## [WORK ORDER]
Search the material below for "Linear" and copy every line where it occurs.

++++++

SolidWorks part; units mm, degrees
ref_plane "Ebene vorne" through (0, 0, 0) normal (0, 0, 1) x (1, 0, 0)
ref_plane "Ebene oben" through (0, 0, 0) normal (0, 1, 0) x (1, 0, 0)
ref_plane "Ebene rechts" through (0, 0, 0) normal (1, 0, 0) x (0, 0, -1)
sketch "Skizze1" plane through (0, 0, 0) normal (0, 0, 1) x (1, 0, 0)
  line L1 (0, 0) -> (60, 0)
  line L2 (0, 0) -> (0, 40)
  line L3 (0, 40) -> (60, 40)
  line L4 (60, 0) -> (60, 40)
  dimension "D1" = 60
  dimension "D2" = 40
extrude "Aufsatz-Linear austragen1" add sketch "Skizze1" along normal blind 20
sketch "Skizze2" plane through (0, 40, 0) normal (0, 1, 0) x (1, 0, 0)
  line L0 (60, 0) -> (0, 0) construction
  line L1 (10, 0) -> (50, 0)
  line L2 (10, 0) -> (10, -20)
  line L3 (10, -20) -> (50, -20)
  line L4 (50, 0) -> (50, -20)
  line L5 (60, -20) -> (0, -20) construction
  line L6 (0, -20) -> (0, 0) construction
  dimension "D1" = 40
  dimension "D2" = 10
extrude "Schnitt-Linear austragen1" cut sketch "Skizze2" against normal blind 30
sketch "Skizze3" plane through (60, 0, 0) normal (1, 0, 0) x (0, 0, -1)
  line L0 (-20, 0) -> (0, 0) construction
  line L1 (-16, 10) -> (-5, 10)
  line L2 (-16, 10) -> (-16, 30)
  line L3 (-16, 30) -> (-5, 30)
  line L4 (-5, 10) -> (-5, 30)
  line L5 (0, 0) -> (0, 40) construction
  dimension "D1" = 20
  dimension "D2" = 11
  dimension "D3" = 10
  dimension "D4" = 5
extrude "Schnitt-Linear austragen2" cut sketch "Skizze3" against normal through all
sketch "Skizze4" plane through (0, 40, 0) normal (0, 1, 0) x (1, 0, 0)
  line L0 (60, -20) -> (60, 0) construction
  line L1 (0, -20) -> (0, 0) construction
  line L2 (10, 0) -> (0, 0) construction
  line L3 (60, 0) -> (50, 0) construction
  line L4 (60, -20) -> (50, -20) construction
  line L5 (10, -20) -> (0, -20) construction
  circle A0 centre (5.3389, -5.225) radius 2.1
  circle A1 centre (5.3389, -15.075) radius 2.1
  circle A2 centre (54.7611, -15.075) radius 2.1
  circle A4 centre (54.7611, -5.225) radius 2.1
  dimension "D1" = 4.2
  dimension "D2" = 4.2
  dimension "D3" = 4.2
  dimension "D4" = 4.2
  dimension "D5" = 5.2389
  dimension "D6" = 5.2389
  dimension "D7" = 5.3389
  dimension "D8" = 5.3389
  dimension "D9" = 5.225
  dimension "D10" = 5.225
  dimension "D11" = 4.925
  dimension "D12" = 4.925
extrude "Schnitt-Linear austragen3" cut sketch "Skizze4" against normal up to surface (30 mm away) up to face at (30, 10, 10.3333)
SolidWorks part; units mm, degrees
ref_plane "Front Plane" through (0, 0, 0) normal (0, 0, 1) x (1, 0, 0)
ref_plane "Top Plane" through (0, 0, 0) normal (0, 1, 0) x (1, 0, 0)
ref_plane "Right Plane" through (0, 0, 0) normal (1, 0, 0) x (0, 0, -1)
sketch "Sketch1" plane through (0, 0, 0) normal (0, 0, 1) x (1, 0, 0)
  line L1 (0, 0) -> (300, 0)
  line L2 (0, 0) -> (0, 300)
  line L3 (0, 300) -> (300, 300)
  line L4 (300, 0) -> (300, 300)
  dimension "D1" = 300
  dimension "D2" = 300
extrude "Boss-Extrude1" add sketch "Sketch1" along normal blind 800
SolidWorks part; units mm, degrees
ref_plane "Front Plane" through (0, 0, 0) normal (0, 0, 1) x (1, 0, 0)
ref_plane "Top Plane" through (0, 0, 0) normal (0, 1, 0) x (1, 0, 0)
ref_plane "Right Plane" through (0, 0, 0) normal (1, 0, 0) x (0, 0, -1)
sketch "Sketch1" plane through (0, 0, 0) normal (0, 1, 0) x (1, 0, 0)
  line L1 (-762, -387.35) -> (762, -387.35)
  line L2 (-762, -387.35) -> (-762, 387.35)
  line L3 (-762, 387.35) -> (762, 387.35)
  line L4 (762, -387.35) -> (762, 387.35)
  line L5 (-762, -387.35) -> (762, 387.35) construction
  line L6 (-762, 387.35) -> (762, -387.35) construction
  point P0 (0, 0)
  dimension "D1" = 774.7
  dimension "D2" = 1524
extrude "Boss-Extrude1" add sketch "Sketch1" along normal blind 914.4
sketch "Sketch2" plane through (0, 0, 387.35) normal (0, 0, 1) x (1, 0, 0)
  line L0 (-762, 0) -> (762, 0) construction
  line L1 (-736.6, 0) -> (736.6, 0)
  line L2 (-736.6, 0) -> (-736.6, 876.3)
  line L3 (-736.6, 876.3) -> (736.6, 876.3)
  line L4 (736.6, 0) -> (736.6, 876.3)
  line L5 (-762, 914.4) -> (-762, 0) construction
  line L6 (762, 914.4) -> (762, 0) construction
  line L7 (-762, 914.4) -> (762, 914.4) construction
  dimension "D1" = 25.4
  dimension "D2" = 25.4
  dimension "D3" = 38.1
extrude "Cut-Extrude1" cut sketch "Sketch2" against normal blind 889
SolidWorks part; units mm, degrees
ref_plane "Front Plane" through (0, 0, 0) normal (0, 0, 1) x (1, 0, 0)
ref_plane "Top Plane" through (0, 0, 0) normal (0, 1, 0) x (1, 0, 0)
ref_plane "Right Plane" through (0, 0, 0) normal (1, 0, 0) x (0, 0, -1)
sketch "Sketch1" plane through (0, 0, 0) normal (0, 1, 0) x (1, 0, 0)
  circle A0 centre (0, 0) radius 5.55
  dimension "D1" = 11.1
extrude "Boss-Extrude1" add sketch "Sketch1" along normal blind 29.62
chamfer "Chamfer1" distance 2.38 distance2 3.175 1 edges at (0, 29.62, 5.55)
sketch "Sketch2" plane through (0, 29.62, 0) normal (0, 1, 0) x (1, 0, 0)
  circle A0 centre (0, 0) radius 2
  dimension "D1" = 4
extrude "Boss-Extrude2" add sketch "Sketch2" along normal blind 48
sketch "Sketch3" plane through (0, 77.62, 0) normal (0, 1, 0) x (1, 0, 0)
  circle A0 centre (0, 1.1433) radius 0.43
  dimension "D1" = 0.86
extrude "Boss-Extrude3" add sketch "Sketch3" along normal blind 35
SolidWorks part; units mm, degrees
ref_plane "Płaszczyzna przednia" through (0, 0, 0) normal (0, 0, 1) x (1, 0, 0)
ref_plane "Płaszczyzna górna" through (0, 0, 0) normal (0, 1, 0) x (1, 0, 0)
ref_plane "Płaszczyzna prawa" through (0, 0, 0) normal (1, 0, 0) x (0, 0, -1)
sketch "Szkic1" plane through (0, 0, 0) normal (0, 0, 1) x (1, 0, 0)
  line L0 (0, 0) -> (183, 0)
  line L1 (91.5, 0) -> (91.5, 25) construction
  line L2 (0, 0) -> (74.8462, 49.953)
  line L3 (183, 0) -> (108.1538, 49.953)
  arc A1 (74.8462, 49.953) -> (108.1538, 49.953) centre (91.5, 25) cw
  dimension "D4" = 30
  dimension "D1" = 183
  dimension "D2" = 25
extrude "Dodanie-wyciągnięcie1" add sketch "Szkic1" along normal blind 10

++++++

## [TASK OUTPUT]
extrude "Aufsatz-Linear austragen1" add sketch "Skizze1" along normal blind 20
extrude "Schnitt-Linear austragen1" cut sketch "Skizze2" against normal blind 30
extrude "Schnitt-Linear austragen2" cut sketch "Skizze3" against normal through all
extrude "Schnitt-Linear austragen3" cut sketch "Skizze4" against normal up to surface (30 mm away) up to face at (30, 10, 10.3333)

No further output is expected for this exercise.